What the exercise asks: From the entries below, transcribe exactly the lines between the line holding "scene.eevee.fast_gi_thickness_far = 0.0" and the line holding "ob_auto_camera = bpy.data.objects.new('AutoCamera', cam_auto)", inclusive; skip all other lines.

Data listing:
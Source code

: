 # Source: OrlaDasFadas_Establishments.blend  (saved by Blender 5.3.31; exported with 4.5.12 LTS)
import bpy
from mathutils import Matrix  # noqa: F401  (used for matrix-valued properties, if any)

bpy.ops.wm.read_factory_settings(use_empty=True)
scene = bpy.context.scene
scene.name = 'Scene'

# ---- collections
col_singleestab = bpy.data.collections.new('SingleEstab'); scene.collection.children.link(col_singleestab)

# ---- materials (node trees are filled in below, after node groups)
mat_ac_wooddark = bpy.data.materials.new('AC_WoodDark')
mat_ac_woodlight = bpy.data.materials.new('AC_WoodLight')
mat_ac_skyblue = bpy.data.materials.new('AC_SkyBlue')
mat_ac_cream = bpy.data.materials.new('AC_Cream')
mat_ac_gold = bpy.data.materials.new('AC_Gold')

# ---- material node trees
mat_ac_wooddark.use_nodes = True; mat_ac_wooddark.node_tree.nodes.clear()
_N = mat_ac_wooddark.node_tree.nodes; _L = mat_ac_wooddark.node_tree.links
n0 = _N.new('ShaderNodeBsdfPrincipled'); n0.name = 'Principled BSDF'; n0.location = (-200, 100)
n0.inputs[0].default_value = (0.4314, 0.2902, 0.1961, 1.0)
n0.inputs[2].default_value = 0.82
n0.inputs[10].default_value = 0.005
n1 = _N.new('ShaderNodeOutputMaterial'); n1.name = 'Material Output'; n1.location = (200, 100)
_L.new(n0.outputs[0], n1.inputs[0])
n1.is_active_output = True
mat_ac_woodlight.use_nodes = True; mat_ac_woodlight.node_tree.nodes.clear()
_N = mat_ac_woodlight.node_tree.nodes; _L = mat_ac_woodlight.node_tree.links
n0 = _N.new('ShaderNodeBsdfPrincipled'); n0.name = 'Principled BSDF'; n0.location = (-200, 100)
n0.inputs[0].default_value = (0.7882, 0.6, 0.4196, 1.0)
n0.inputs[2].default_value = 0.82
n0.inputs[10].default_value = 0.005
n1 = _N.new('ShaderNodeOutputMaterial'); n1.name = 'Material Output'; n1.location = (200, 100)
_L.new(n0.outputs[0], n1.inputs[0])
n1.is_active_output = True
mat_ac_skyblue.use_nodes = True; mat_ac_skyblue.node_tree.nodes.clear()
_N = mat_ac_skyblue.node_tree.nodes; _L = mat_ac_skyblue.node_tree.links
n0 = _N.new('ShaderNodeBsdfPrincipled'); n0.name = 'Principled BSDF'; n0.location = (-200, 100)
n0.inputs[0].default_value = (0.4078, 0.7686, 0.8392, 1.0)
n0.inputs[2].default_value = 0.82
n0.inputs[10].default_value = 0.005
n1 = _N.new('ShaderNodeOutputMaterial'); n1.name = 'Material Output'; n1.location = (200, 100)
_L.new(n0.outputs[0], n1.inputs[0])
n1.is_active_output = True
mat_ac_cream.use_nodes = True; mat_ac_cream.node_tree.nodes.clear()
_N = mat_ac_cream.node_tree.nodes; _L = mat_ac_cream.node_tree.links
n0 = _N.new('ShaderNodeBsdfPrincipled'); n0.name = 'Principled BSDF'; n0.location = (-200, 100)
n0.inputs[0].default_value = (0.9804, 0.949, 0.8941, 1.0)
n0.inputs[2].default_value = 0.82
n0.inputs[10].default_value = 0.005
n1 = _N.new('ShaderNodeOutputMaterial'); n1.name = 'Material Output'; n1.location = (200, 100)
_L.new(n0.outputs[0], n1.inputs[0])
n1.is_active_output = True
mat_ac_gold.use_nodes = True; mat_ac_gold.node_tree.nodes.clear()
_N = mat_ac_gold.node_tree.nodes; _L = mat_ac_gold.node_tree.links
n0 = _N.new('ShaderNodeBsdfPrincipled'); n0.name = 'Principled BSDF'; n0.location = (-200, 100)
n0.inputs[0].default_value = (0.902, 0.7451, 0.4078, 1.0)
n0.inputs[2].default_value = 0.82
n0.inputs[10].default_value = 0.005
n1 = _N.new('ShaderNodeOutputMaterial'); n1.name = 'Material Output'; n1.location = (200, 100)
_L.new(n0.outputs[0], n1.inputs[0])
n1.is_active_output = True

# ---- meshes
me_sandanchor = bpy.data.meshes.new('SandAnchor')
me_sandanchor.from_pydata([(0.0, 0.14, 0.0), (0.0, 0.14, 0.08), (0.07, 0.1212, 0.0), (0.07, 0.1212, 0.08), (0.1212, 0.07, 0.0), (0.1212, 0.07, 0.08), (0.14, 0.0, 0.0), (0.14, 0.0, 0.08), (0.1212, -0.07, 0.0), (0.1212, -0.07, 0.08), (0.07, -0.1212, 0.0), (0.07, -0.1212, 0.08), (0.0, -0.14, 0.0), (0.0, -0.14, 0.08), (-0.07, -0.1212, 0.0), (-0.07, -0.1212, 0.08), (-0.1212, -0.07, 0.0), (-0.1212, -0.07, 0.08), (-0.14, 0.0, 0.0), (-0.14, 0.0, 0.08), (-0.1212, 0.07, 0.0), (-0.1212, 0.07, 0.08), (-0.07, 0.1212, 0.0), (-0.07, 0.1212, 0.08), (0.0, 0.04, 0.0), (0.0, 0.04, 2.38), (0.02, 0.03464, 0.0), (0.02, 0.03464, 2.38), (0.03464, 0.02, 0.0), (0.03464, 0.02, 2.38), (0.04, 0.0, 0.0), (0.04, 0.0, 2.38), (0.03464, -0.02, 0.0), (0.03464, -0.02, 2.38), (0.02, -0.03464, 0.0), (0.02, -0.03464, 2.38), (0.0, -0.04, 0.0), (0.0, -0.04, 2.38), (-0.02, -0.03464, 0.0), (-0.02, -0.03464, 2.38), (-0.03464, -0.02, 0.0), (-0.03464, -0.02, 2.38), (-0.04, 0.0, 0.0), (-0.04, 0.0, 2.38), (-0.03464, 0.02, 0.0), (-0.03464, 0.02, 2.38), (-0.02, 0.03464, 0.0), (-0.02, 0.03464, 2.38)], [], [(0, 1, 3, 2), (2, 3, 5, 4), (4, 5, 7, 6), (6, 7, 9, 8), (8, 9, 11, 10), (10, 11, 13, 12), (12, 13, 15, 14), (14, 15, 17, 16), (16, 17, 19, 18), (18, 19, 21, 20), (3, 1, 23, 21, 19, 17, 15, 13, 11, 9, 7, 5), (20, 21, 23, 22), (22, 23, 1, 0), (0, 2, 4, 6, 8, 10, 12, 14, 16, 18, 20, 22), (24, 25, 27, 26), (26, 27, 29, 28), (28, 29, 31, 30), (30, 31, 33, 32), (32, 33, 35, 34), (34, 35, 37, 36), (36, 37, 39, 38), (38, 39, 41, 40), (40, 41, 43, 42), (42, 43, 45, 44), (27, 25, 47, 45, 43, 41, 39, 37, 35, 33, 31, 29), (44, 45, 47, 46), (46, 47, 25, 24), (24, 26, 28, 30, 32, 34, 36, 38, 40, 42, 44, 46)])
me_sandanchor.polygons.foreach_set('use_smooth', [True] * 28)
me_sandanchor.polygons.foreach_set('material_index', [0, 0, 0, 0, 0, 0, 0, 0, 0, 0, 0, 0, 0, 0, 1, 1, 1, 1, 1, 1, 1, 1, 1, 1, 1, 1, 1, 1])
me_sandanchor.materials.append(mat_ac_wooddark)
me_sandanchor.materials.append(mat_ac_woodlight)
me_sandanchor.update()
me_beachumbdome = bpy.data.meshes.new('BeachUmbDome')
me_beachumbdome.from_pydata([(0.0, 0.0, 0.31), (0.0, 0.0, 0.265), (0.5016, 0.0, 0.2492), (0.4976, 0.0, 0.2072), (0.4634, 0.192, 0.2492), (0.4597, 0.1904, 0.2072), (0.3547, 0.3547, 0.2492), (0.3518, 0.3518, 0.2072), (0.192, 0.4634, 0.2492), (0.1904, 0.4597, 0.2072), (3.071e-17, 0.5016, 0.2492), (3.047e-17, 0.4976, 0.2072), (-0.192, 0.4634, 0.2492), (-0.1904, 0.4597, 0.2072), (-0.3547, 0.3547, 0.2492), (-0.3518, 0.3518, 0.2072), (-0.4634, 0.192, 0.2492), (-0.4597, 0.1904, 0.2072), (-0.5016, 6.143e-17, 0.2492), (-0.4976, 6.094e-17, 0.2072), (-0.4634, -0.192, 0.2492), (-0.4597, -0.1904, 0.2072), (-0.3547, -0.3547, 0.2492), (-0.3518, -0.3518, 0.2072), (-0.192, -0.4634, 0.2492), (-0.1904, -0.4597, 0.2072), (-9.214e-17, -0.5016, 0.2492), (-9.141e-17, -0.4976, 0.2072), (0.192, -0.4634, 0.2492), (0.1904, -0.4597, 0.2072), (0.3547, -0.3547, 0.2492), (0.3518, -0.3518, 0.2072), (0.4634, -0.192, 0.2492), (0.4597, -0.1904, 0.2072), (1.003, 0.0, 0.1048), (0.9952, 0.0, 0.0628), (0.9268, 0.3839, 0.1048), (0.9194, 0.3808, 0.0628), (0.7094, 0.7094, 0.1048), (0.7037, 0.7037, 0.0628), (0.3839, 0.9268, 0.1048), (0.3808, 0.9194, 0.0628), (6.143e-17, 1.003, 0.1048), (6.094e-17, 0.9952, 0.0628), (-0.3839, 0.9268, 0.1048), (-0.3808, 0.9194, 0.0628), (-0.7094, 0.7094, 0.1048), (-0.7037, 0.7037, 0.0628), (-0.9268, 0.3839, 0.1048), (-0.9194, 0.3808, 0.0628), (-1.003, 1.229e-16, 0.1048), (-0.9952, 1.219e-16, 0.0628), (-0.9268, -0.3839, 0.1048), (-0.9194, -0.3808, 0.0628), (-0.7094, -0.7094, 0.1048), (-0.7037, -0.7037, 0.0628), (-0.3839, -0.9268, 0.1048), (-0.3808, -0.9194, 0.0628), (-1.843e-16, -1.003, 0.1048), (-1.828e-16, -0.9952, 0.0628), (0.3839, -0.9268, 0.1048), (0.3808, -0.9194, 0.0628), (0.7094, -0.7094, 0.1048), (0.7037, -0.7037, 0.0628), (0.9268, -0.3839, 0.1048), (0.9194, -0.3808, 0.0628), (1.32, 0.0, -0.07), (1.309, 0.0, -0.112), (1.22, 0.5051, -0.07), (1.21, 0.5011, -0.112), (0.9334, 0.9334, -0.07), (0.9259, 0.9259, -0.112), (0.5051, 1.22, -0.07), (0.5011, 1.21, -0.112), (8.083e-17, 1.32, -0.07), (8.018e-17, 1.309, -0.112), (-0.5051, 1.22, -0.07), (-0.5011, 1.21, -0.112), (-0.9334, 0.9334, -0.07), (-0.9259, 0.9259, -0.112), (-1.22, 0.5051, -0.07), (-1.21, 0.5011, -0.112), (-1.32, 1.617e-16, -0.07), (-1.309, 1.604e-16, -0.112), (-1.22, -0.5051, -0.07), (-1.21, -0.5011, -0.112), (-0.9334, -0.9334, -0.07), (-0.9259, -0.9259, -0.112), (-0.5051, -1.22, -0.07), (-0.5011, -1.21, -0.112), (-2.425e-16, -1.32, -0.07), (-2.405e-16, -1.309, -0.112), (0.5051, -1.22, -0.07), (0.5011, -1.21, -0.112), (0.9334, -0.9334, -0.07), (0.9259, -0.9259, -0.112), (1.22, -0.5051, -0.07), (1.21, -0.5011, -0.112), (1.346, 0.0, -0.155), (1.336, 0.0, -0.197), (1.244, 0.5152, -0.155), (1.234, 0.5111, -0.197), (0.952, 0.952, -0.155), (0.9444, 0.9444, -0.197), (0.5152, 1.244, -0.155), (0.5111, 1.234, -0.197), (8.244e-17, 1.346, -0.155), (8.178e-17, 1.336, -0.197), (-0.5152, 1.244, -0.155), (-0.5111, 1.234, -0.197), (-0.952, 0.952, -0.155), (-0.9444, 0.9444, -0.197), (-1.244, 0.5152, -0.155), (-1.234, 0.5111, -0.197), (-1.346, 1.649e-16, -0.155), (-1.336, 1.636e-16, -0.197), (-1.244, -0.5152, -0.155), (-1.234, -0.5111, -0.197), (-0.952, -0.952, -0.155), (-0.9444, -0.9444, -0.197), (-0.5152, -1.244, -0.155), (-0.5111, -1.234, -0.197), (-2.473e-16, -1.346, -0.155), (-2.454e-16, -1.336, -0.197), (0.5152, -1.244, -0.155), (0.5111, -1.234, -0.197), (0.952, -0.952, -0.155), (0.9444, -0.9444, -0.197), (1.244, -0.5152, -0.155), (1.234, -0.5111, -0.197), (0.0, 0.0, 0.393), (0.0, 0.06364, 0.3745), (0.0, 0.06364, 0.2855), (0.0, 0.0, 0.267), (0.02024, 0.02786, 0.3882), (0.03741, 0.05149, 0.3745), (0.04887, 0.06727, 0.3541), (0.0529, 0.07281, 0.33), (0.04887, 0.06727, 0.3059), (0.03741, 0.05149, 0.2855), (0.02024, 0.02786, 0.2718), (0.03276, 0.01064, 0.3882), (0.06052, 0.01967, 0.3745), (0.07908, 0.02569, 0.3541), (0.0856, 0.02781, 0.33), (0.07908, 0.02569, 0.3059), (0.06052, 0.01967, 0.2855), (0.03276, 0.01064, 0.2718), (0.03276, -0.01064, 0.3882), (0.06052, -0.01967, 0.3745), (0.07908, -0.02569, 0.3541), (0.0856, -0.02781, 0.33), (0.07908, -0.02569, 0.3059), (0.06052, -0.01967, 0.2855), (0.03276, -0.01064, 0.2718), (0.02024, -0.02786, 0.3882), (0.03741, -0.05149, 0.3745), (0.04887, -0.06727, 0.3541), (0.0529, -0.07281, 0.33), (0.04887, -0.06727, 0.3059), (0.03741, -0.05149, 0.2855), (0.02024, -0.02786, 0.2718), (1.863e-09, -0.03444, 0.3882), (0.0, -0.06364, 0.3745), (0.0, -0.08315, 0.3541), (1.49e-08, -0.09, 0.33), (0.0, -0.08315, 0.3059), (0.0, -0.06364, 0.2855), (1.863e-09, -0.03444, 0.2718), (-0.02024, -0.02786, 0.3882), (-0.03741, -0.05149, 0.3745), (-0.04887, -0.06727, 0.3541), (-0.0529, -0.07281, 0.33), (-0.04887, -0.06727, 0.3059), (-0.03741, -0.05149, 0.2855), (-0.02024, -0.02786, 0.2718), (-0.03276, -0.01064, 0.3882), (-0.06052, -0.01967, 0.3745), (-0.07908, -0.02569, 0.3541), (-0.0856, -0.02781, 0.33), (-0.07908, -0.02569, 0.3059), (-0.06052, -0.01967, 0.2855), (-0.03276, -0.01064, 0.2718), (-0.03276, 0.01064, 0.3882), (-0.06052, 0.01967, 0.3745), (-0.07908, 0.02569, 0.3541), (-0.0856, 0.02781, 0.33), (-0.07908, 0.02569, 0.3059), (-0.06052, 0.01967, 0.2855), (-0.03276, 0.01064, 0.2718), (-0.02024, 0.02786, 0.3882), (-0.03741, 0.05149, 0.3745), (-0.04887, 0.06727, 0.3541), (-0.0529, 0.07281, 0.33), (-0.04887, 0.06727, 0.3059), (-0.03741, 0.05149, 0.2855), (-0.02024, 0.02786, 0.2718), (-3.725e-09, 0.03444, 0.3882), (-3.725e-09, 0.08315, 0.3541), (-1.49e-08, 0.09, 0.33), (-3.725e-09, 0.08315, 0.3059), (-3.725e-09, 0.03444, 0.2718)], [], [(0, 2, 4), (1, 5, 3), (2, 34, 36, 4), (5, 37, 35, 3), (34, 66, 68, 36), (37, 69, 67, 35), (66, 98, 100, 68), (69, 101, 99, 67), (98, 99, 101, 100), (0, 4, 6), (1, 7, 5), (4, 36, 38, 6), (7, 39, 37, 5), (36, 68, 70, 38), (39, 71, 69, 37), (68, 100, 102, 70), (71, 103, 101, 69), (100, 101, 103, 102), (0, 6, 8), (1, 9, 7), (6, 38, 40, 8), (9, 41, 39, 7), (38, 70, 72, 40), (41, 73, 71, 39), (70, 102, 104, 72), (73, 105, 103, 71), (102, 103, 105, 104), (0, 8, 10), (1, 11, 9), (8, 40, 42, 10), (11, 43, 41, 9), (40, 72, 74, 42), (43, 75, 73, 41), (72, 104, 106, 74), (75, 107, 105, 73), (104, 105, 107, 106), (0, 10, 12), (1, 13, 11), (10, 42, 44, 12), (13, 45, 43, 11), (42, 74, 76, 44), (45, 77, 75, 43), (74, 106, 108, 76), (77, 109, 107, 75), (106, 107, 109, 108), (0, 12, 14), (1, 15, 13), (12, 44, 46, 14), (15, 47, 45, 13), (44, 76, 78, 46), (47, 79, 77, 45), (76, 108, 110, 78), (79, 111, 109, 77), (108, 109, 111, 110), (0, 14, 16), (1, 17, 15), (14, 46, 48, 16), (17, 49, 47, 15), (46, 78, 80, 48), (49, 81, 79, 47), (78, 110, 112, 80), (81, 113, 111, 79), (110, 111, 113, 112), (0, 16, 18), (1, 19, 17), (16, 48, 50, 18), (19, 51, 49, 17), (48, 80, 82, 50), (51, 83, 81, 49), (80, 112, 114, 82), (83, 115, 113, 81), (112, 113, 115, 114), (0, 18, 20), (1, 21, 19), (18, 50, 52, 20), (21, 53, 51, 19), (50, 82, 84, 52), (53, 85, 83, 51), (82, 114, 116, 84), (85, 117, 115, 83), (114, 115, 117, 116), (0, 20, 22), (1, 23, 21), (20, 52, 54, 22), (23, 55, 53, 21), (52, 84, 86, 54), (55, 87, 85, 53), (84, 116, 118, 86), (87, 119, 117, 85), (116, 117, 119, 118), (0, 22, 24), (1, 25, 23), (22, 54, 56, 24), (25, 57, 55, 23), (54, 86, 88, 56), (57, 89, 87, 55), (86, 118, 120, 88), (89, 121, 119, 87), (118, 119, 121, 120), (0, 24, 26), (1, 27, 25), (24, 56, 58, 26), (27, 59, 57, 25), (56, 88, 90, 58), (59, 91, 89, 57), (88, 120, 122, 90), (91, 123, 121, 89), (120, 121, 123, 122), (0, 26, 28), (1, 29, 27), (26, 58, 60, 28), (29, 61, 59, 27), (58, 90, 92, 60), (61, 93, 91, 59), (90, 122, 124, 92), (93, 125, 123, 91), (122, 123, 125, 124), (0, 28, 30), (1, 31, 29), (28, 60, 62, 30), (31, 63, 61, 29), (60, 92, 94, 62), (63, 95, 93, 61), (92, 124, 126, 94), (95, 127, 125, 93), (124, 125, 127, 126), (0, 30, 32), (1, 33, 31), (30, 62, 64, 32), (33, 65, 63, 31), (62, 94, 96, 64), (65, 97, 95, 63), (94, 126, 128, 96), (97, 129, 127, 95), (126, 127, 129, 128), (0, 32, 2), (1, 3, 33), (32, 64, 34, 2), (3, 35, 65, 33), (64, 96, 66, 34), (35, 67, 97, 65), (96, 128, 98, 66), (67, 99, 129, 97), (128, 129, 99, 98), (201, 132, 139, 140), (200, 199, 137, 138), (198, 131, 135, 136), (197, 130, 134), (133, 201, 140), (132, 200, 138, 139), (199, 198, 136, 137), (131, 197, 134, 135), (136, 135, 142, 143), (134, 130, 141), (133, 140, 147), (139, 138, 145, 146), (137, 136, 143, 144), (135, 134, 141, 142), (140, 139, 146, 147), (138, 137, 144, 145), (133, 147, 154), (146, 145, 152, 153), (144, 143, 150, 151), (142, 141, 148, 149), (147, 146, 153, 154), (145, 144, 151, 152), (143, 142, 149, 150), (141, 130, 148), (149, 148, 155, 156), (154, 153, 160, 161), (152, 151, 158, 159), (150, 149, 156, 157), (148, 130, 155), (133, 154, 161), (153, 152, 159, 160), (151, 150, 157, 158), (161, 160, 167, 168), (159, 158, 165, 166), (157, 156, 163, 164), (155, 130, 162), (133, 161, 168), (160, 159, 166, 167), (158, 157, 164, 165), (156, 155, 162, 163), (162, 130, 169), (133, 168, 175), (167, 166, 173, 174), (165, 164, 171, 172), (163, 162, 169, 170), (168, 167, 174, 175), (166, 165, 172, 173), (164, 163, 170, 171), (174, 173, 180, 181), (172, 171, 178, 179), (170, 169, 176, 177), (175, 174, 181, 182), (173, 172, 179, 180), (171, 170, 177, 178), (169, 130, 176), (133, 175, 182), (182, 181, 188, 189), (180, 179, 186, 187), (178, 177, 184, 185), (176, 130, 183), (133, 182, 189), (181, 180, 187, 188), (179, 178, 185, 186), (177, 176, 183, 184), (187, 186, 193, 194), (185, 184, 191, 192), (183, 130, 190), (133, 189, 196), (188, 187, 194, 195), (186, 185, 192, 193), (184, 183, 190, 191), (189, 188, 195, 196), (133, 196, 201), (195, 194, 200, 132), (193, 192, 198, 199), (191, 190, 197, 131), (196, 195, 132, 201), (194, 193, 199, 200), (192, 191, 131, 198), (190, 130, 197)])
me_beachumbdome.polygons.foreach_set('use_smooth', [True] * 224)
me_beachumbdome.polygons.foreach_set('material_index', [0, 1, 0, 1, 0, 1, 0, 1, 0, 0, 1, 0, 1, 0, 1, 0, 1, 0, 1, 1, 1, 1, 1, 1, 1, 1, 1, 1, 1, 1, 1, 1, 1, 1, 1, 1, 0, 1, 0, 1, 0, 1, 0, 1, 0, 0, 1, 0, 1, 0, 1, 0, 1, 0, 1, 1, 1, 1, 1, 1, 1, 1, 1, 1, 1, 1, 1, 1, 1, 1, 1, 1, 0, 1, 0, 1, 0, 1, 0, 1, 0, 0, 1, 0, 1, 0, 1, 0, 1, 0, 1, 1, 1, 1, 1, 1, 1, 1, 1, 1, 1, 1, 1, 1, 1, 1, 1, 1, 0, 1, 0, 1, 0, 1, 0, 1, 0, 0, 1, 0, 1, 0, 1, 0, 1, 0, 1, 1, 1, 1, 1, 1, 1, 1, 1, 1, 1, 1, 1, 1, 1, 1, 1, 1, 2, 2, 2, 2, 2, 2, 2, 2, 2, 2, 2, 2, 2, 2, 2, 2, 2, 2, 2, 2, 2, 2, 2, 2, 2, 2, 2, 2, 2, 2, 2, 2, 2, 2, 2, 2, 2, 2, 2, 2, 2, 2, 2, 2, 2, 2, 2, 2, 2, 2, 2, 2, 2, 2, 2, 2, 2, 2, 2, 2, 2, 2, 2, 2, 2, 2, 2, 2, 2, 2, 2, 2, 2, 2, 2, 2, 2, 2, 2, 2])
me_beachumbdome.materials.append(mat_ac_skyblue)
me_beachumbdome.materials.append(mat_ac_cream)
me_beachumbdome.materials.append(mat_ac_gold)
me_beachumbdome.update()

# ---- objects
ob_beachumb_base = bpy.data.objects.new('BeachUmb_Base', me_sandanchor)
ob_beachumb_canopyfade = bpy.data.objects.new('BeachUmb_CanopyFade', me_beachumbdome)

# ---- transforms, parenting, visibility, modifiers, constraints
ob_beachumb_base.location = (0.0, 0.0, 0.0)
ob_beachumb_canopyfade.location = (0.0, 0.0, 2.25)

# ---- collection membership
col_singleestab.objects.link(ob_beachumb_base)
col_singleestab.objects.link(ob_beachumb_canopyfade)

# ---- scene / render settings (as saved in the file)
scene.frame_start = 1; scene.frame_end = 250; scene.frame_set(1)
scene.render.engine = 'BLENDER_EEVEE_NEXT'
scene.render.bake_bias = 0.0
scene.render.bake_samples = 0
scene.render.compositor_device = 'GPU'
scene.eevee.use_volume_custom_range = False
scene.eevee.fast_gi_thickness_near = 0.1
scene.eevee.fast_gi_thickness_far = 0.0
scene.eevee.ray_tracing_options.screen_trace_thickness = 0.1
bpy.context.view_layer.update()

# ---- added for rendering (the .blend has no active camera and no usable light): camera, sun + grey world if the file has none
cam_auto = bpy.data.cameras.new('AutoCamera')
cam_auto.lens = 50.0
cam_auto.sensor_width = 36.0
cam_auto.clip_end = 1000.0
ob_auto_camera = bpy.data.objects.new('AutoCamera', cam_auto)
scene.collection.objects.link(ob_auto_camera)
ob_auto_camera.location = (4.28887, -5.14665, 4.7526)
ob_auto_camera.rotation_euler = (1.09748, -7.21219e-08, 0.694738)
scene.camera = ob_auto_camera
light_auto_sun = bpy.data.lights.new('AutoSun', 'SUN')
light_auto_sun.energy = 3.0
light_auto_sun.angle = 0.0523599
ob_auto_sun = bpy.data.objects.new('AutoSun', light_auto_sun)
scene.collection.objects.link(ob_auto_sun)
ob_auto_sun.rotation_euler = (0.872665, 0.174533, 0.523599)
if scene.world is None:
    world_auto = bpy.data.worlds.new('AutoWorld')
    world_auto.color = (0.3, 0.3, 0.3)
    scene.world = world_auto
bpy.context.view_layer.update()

The answer:
scene.eevee.fast_gi_thickness_far = 0.0
scene.eevee.ray_tracing_options.screen_trace_thickness = 0.1
bpy.context.view_layer.update()

# ---- added for rendering (the .blend has no active camera and no usable light): camera, sun + grey world if the file has none
cam_auto = bpy.data.cameras.new('AutoCamera')
cam_auto.lens = 50.0
cam_auto.sensor_width = 36.0
cam_auto.clip_end = 1000.0
ob_auto_camera = bpy.data.objects.new('AutoCamera', cam_auto)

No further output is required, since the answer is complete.